Is your website optimized for all types of eyesight?

There’s more to designing a useful website than meets the eye. We tend to forget that there’s a huge audience on the web who don’t see colour and contrast in the same way as the majority. If you ignore the needs of this audience, you could be losing out on potential clientele – particularly if the products and services you sell cater to the elderly or to people with physical challenges.

As the world’s population continues to age and our dependency on information sharing becomes increasingly web-based, we need to be aware of the fact that more and more of our elderly populations will be versed in Internet technology. Unlike people currently in their eighties or nineties – who grew up depending on printed media to stay abreast of current events – you – and possibly even your parents – don’t fit that mould. If your business provides products and services used by people over sixty and are not yet catering to the ‘baby boomers’, you certainly should be. Leading the way are websites like Amazon, eBay and Walmart that are already on top of their marketing strategies for an aging customer base.

On another front, those who are physically challenged will certainly be staying in the comfort of their own home to do all their grocery shopping from their computer, as online shopping and home delivery continues to grow more popular year by year.

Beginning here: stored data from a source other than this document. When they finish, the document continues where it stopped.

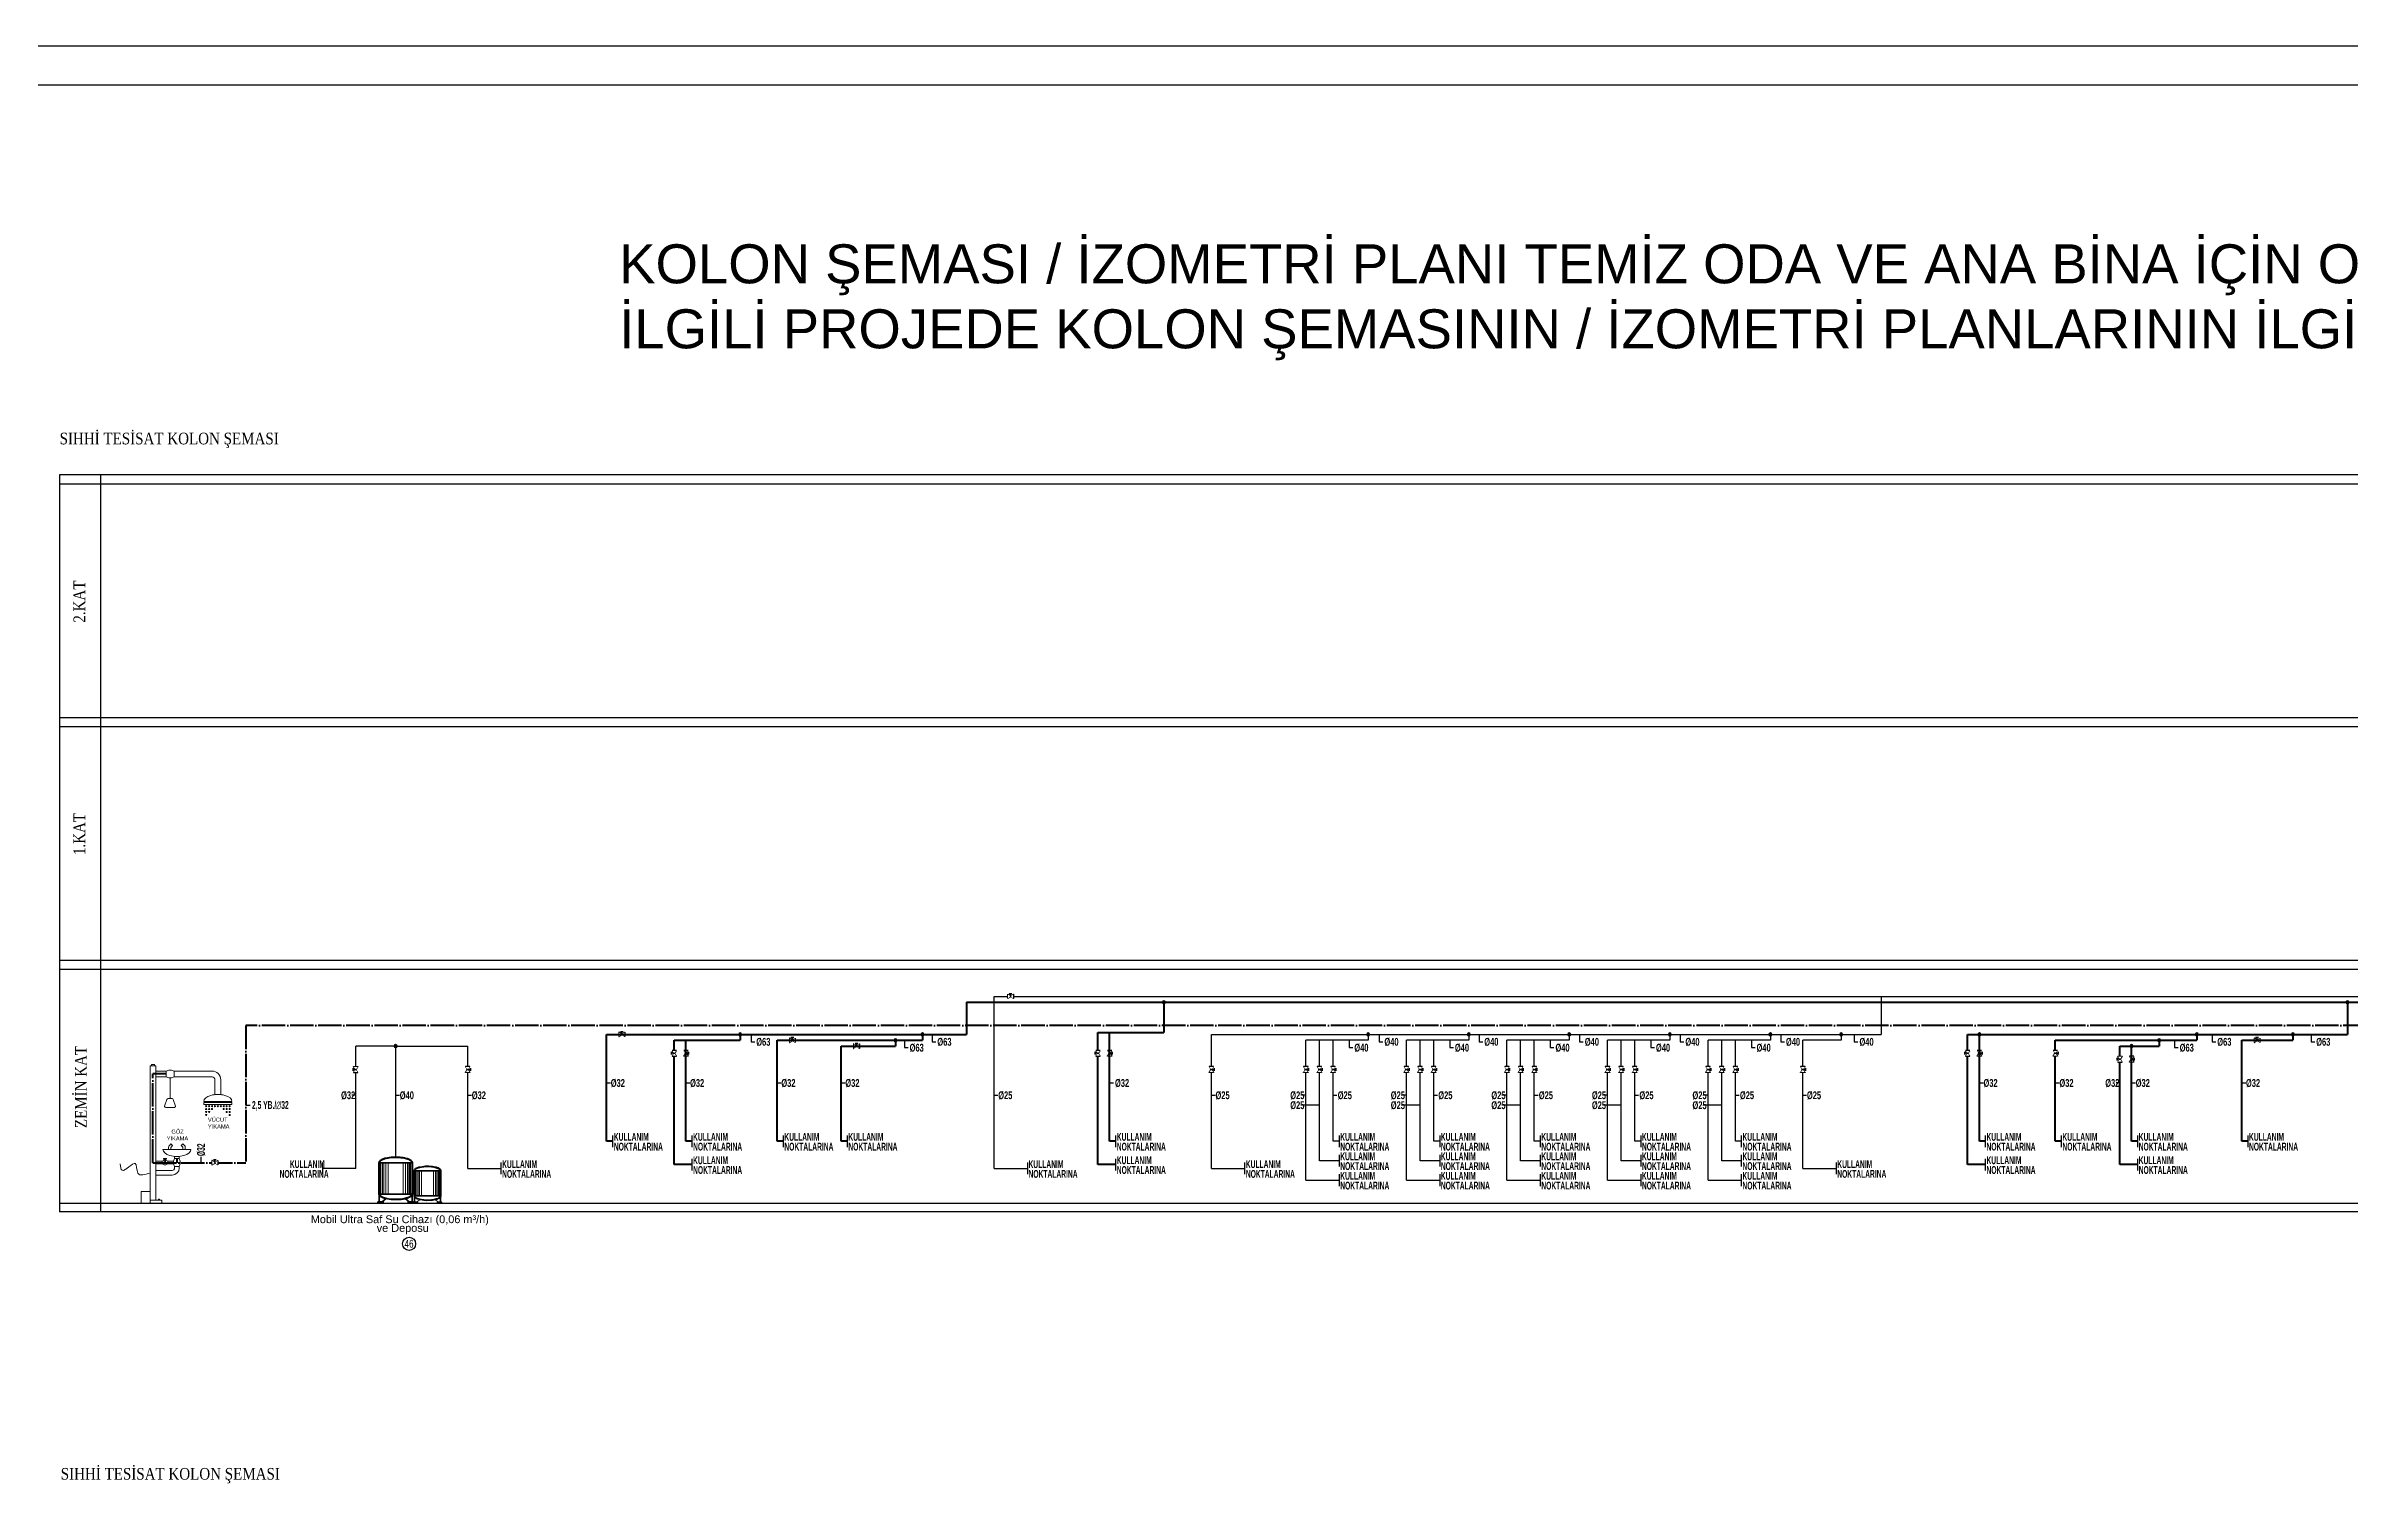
# Model space of a CAD drawing. Header units: centimetres. Extents: x 405464 to 563355, y 50011 to 66875.
# Drawn here: x 519285 to 525191, y 55298 to 59011 of the extents above; entities that cross this region are included whole.
import ezdxf
from ezdxf.enums import TextEntityAlignment as Align

# ---------------------------------------------------------------- set-up
doc = ezdxf.new("R2010")
doc.units = ezdxf.units.CM
doc.linetypes.add('SOGUKSU1', pattern=[72, 60, -6, 0, -6])
doc.layers.get('0').update_dxf_attribs({"lineweight": 9})
doc.layers.add('0-KRCN DI SU', color=41, linetype='D')
for name, color, linetype, lineweight in [('0-KRCN-ANTET', 71, 'Continuous', 30), ('0-KRCN-IST-KÜRESEL VANA', 4, 'Continuous', 25), ('0-KRCN-SHT YUMUŞAK SU ÇAP', 201, 'Continuous', 30), ('0-KRCN-SHT-02CIHAZ', 132, 'Continuous', 25), ('0-KRCN-SHT-03CIHAZ', 120, 'Continuous', 30), ('0-KRCN-SHT-BOYLER', 171, 'Continuous', 35), ('0-KRCN-SHT-KÜRESEL VANA', 4, 'Continuous', 25), ('0-KRCN-SHT-PROSES-BORU', 1, '0-Y_LINE', 40), ('0-KRCN-SHT-SOGUKSU', 141, 'SOGUKSU1', 40), ('0-KRCN-SHT-YAZI-ÇAP-TEMSU', 81, 'Continuous', 30), ('0-KRCN-Z-ANTET', 71, 'Continuous', 30), ('0-MEK-IST-YAZI', 81, 'Continuous', 30)]:
    doc.layers.add(name, color=color, linetype=linetype, lineweight=lineweight)
doc.styles.add('BAYBURT XREF$0$TIMES', font='times.ttf')
doc.styles.add('BORU', font='AGENCYR.TTF')
doc.styles.add('CAP', font='ARIALNB.TTF')
doc.styles.add('Ince', font='arial.ttf')
doc.styles.get("Standard").update_dxf_attribs({"font": 'arial.ttf'})
doc.styles.add('TROMANT', font='arial.ttf', dxfattribs={"width": 0.8})
doc.linetypes.add('0-Y_LINE', pattern='A,100,-0.5,["Y",BORU,S=9,R=0,X=0,Y=-4.5],-5', length=105.5)
doc.linetypes.add('D', pattern='A,12,-1,["D",Standard,S=1,R=0,X=-0.1,Y=-0.5],-1.6', length=14.6)

# ---------------------------------------------------------------- blocks, each defined once
blk = doc.blocks.new('*U39')
at = {"color": 1}
for p, q in [((-24.1, 237), (-29.1, 237)), ((-29.1, 235), (-29.1, 237)), ((-24.1, 235), (-24.1, 237)), ((-31.6, 5), (-31.6, 235)), ((-21.6, 235), (-31.6, 235)), ((-21.6, 5), (-21.6, 235)), ((-21.6, 225.9), (-4.1, 225.9)), ((-21.6, 215.9), (-4.1, 215.9)), ((0.3, 227.5), (-4.1, 225.9)), ((-4.1, 225.9), (-4.1, 215.9)), ((0.3, 214.3), (-4.1, 215.9)), ((0.3, 227.5), (5.1, 227.5)), ((0.3, 214.3), (5.1, 214.3)), ((2.7, 214.3), (2.7, 178.7)), ((5.1, 227.5), (9.6, 225.9)), ((5.1, 214.3), (9.6, 215.9)), ((9.6, 225.9), (74.4, 225.9)), ((9.6, 225.9), (9.6, 215.9)), ((9.6, 215.9), (74.4, 215.9)), ((79.4, 210.9), (79.4, 185.9)), ((89.4, 210.9), (89.4, 185.9)), ((-2.6, 177.1), (-6.6, 166.1)), ((-4.7, 163.7), (10.2, 163.7)), ((-0.7, 178.7), (6.2, 178.7)), ((8.1, 177.1), (12.1, 166.1)), ((108.4, 173.9), (60.4, 173.9)), ((108.4, 171.9), (60.4, 171.9)), ((79.4, 185.9), (89.4, 185.9)), ((108.4, 171.9), (108.4, 168.9)), ((-9.6, 91.8), (38.4, 91.8)), ((4.2, 101.4), (7, 98.6)), ((10.4, 76.2), (10.4, 79.9)), ((18.4, 76.2), (18.4, 79.9)), ((24.6, 101.4), (21.8, 98.6)), ((-11.1, 71.8), (-21.6, 71.8)), ((-11.1, 67), (-21.6, 67)), ((-21.6, 56.1), (6.4, 56.1)), ((-21.6, 48.1), (6.4, 48.1)), ((-7.6, 73.3), (-11.1, 71.8)), ((-11.1, 71.8), (-11.1, 67)), ((-7.6, 65.5), (-11.1, 67)), ((-8.7, 76.4), (-3.7, 76.4)), ((-8.7, 75.4), (-8.7, 76.4)), ((-8.7, 75.4), (-3.7, 75.4)), ((-7.6, 73.3), (-4.8, 73.3)), ((-7.6, 65.5), (-4.8, 65.5)), ((-7.2, 70.5), (-7.2, 75.4)), ((-5.2, 70.5), (-5.2, 75.4)), ((-4.8, 73.3), (-1.4, 71.8)), ((-4.8, 65.5), (-1.4, 67)), ((-3.7, 75.4), (-3.7, 76.4)), ((8.8, 71.8), (-1.4, 71.8)), ((-1.4, 71.8), (-1.4, 67)), ((8.8, 67), (-1.4, 67)), ((8.8, 71.8), (10.4, 76.2)), ((8.8, 67), (8.8, 71.8)), ((8.8, 67), (10.4, 62.6)), ((10.4, 76.2), (18.4, 76.2)), ((10.4, 60.1), (10.4, 62.6)), ((10.4, 62.6), (18.4, 62.6)), ((20, 71.8), (18.4, 76.2)), ((20, 67), (18.4, 62.6)), ((18.4, 60.1), (18.4, 62.6)), ((20, 67), (20, 71.8)), ((-31.6, 5), (-11.6, 5)), ((-17.2, 7), (-15.2, 7)), ((-17.2, 7), (-17.2, 5)), ((-15.2, 7), (-15.2, 5)), ((-11.6, 5), (-11.6, 0)), ((-11.6, 0), (-31.6, 0))]:
    blk.add_line(p, q, dxfattribs=at)
blk.add_lwpolyline([(60.4, 171.9), (60.4, 168.9), (108.4, 168.9)], dxfattribs=at)
for points in [[(0.2, 91.8), (0.2, 95.4, -0.198912), (1.6, 98.8), (4.2, 101.4)], [(4.2, 91.8), (4.2, 95.4, -0.198912), (4.4, 96), (7, 98.6)], [(24.6, 91.8), (24.6, 95.4, 0.198912), (24.4, 96), (21.8, 98.6)], [(28.6, 91.8), (28.6, 95.4, 0.198912), (27.2, 98.8), (24.6, 101.4)]]:
    blk.add_lwpolyline(points, format="xyb", dxfattribs=at)
blk.add_lwpolyline([(-46.6, 20), (-46.6, 0), (-31.6, 0), (-31.6, 20)], close=True, dxfattribs=at)
for centre, radius in [((64.4, 165.9), 1), ((64.4, 160.9), 1), ((69.4, 165.9), 1), ((69.4, 160.9), 1), ((74.4, 165.9), 1), ((74.4, 160.9), 1), ((79.4, 165.9), 1), ((84.4, 165.9), 1), ((89.4, 165.9), 1), ((94.4, 165.9), 1), ((94.4, 160.9), 1), ((99.4, 165.9), 1), ((99.4, 160.9), 1), ((104.4, 165.9), 1), ((104.4, 160.9), 1), ((64.4, 155.9), 1), ((64.4, 150.9), 1), ((69.4, 155.9), 1), ((99.4, 155.9), 1), ((104.4, 155.9), 1), ((104.4, 150.9), 1), ((-6.2, 69.4), 1.5)]:
    blk.add_circle(centre, radius, dxfattribs=at)
for centre, radius, start, end in [((74.4, 210.9), 15, 0, 90), ((74.4, 210.9), 5, 0, 90), ((-4.7, 165.7), 2, 165.9638, 270), ((-0.7, 176.7), 2, 90, 165.9638), ((6.2, 176.7), 2, 14.0362, 90), ((10.2, 165.7), 2, 270, 14.0362), ((6.4, 60.1), 4, 270, 0), ((6.4, 60.1), 12, 270, 0)]:
    blk.add_arc(centre, radius, start, end, dxfattribs=at)
for centre, major_axis in [((84.4, 173.9), (24, 0)), ((14.4, 91.8), (-24, 0))]:
    blk.add_ellipse(centre, major_axis=major_axis, ratio=0.5, start_param=0, end_param=3.141593, dxfattribs=at)
blk.add_spline([(-31.6, 51.5), (-52.4, 51.5), (-56.8, 67.9), (-79.3, 56.2), (-82.6, 67.2)], degree=3, dxfattribs=at)
at = {"char_height": 7, "attachment_point": 1}
for s, insert in [('   GÖZ YIKAMA', (-3.2, 125.9)), ('VÜCUT   YIKAMA', (67.3, 146.3))]:
    blk.add_mtext_dynamic_manual_height_columns(s, width=59.736, gutter_width=12.5, heights=[0], dxfattribs=dict(at, insert=insert))
blk = doc.blocks.new('0-MEK-SHT-KÜRESELVANA')
at = {"layer": '0-KRCN-IST-KÜRESEL VANA'}
blk.add_hatch(color=256, dxfattribs=at).paths.add_polyline_path([(1.4, 0, 1), (-1.4, 0, 1)])
for p, q in [((-1.1, 0.9), (-4.2, 3)), ((-4.2, -3.1), (-4.2, 3)), ((-4.2, 3), (-4.2, -3.1)), ((-2.4, 4.6), (2.3, 4.6)), ((0, 4.6), (-2.4, 4.6)), ((0, 0), (0, 4.6)), ((2.3, 4.6), (0, 4.6)), ((1.1, 0.8), (4.3, 3)), ((4.3, -3.1), (4.3, 3)), ((4.3, 3), (4.3, -3.1)), ((-4.2, -3.1), (-1.1, -0.9)), ((4.3, -3.1), (1.1, -0.8))]:
    blk.add_line(p, q, dxfattribs=at)
for points in [[(-4.5, 3.7), (-5, 3.7), (-5, -3.8), (-4.5, -3.8)], [(4.6, 3.7), (5, 3.7), (5, -3.8), (4.6, -3.8)]]:
    blk.add_lwpolyline(points, close=True, dxfattribs=at)
blk.add_circle((0, 0), 1.42, dxfattribs=at)
blk.add_wipeout([(4.3, 3), (4.3, -3.1), (1.1, -0.9), (1.2, -0.8), (1.2, -0.7), (1.2, -0.7), (1.3, -0.6), (1.3, -0.5), (1.4, -0.4), (1.4, -0.3), (1.4, -0.2), (1.4, -0.1), (1.4, 0), (1.4, 0.1), (1.4, 0.2), (1.4, 0.2), (1.4, 0.3), (1.4, 0.4), (1.3, 0.5), (1.3, 0.6), (1.2, 0.7), (1.2, 0.7), (1.2, 0.8), (1.1, 0.8), (1.1, 0.9)]).dxf.layer = '0-KRCN-IST-KÜRESEL VANA'
blk.add_wipeout([(-4.2, 3), (-4.2, -3.1), (-1.1, -0.9), (-1.2, -0.8), (-1.2, -0.7), (-1.2, -0.7), (-1.3, -0.6), (-1.3, -0.5), (-1.4, -0.4), (-1.4, -0.3), (-1.4, -0.2), (-1.4, -0.1), (-1.4, 0), (-1.4, 0.1), (-1.4, 0.2), (-1.4, 0.2), (-1.4, 0.3), (-1.4, 0.4), (-1.3, 0.5), (-1.3, 0.6), (-1.2, 0.7), (-1.2, 0.7), (-1.2, 0.8), (-1.1, 0.8), (-1.1, 0.9)]).dxf.layer = '0-KRCN-IST-KÜRESEL VANA'
blk = doc.blocks.new('DONUT')
at = {"layer": '0-KRCN-SHT-03CIHAZ'}
blk.add_hatch(color=256, dxfattribs=at).paths.add_polyline_path([(2.5, 0, 1), (-2.5, 0, 1)])
blk.add_circle((0, 0), 2.5, dxfattribs=at)

msp = doc.modelspace()

# ---------------------------------------------------------------- linework, layer by layer
at = {"layer": '0-KRCN DI SU', "linetype": 'D', "ltscale": 5}
for p, q in [((521715.5, 56574.1), (544442.4, 56574.1)), ((521715.5, 56132.8), (521715.5, 56574.1)), ((523989, 56574.1), (523989, 56476.6)), ((522272.4, 56476.6), (523989, 56476.6)), ((522272.4, 56132.8), (522272.4, 56476.6)), ((522514.6, 56102.8), (522514.6, 56461.6)), ((522674.3, 56461.6), (522514.6, 56461.6)), ((522549.6, 56152.8), (522549.6, 56461.6)), ((522584.6, 56202.8), (522584.6, 56461.6)), ((522674.3, 56476.6), (522674.3, 56461.6)), ((522772.3, 56102.8), (522772.3, 56461.6)), ((522932.1, 56461.6), (522772.3, 56461.6)), ((522807.3, 56152.8), (522807.3, 56461.6)), ((522842.3, 56202.8), (522842.3, 56461.6)), ((522932.1, 56476.6), (522932.1, 56461.6)), ((523030.1, 56102.8), (523030.1, 56461.6)), ((523189.8, 56461.6), (523030.1, 56461.6)), ((523065.1, 56152.8), (523065.1, 56461.6)), ((523100.1, 56202.8), (523100.1, 56461.6)), ((523189.8, 56476.6), (523189.8, 56461.6)), ((523287.9, 56102.8), (523287.9, 56461.6)), ((523447.6, 56461.6), (523287.9, 56461.6)), ((523322.9, 56152.8), (523322.9, 56461.6)), ((523357.9, 56202.8), (523357.9, 56461.6)), ((523447.6, 56476.6), (523447.6, 56461.6)), ((523545.6, 56102.8), (523545.6, 56461.6)), ((523705.3, 56461.6), (523545.6, 56461.6)), ((523580.6, 56152.8), (523580.6, 56461.6)), ((523615.6, 56202.8), (523615.6, 56461.6)), ((523705.3, 56476.6), (523705.3, 56461.6)), ((523886.8, 56461.6), (523788.6, 56461.6)), ((523788.6, 56132.8), (523788.6, 56461.6)), ((523886.8, 56476.6), (523886.8, 56461.6)), ((520181.4, 56446.6), (520079, 56446.6)), ((520079, 56132.8), (520079, 56446.6)), ((520181.4, 56446.6), (520366, 56446.6)), ((520181.4, 56446.6), (520181.4, 56161.1)), ((520366, 56132.8), (520366, 56446.6)), ((522599.9, 56202.8), (522584.6, 56202.8)), ((522857.7, 56202.8), (522842.3, 56202.8)), ((523115.4, 56202.8), (523100.1, 56202.8)), ((523373.2, 56202.8), (523357.9, 56202.8)), ((523630.9, 56202.8), (523615.6, 56202.8)), ((520079, 56132.8), (519993.7, 56132.8)), ((520366, 56132.8), (520451.3, 56132.8)), ((521715.5, 56132.8), (521800.8, 56132.8)), ((522272.4, 56132.8), (522357.7, 56132.8)), ((522599.9, 56152.8), (522549.6, 56152.8)), ((522857.7, 56152.8), (522807.3, 56152.8)), ((523115.4, 56152.8), (523065.1, 56152.8)), ((523373.2, 56152.8), (523322.9, 56152.8)), ((523630.9, 56152.8), (523580.6, 56152.8)), ((523788.6, 56132.8), (523873.9, 56132.8)), ((522514.6, 56102.8), (522599.9, 56102.8)), ((522772.3, 56102.8), (522857.7, 56102.8)), ((523030.1, 56102.8), (523115.4, 56102.8)), ((523287.9, 56102.8), (523373.2, 56102.8)), ((523545.6, 56102.8), (523630.9, 56102.8))]:
    msp.add_line(p, q, dxfattribs=at)
at = {"layer": '0-KRCN-SHT YUMUŞAK SU ÇAP', "linetype": 'Continuous'}
for p, q in [((521092.4, 56476.6), (521092.4, 56457.9)), ((521485.7, 56461.6), (521485.7, 56442.9)), ((521556.8, 56476.6), (521556.8, 56457.9)), ((522625.6, 56461.6), (522625.6, 56442.9)), ((522702.8, 56476.6), (522702.8, 56457.9)), ((522883.4, 56461.6), (522883.4, 56442.9)), ((522958.7, 56476.6), (522958.7, 56457.9)), ((523141.1, 56461.6), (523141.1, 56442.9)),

That being said, one cannot afford to ignore website design and development tactics that benefit the visually impaired.

Doing The Numbers

According to the World Health Organization, approximately 1.3 billion people across the globe live with some form of vision impairment (source) – 7.3 million in America alone. However, the term ‘colour blind’ doesn’t actually mean that people see the entire world in black and white. Only about 0.00003% of the world’s population suffers from total colour blindness, otherwise known as Monochromacy. The other 99% can actually see colour; they just don’t see it in the same way that the majority of humans do. Because of this, the term colour vision deficiency (CVD) is more accurate.

Using the United States as an example…

According to the American National Eye Institute and other sources, an estimated 3.4 million (3%) of Americans aged 40 years and older are considered legally blind. The leading causes of vision impairment and blindness in the U.S. include diabetic retinopathy, age-related macular degeneration (AMD), cataracts, and glaucoma. Color-blindness.com states that around 0.5% of women (1 in 200) and 8% of men (1 in 12) suffer from some form of CVD.

And according to Marilyn Schneck, a scientist with the Smith-Kettlewell Eye Research Institute in San Francisco, many people lose their ability to clearly distinguish certain colours as they age, with losses typically starting around age 70 and getting worse over time. The lenses of their eyes can become yellowish, causing them to see as if they were looking through a yellow filter (source).

By 2050, people over age 60 are expected to account for 25-29% of the U.S. population.

 

Examples of various types of colour-blindness
(Source: Bored Panda)

Colour and Light Contrast

People with deuteranomaly and protanomaly are collectively known as red-green colour blind and they generally have difficulty distinguishing between reds, greens, browns and oranges. They also commonly confuse different types of blue and purple hues. Deuteranomalia tends to make everything look a little faded, protanopia makes everything seem a little green, and tritanopia gives things greenish-pink tones.

When designing a website for an audience commonly comprised of those with vision deficiencies, it’s wise to abide by the structures outlined in the Web Content Accessibility Guidelines (WCAG), which works to help make web content more accessible to individuals with disabilities.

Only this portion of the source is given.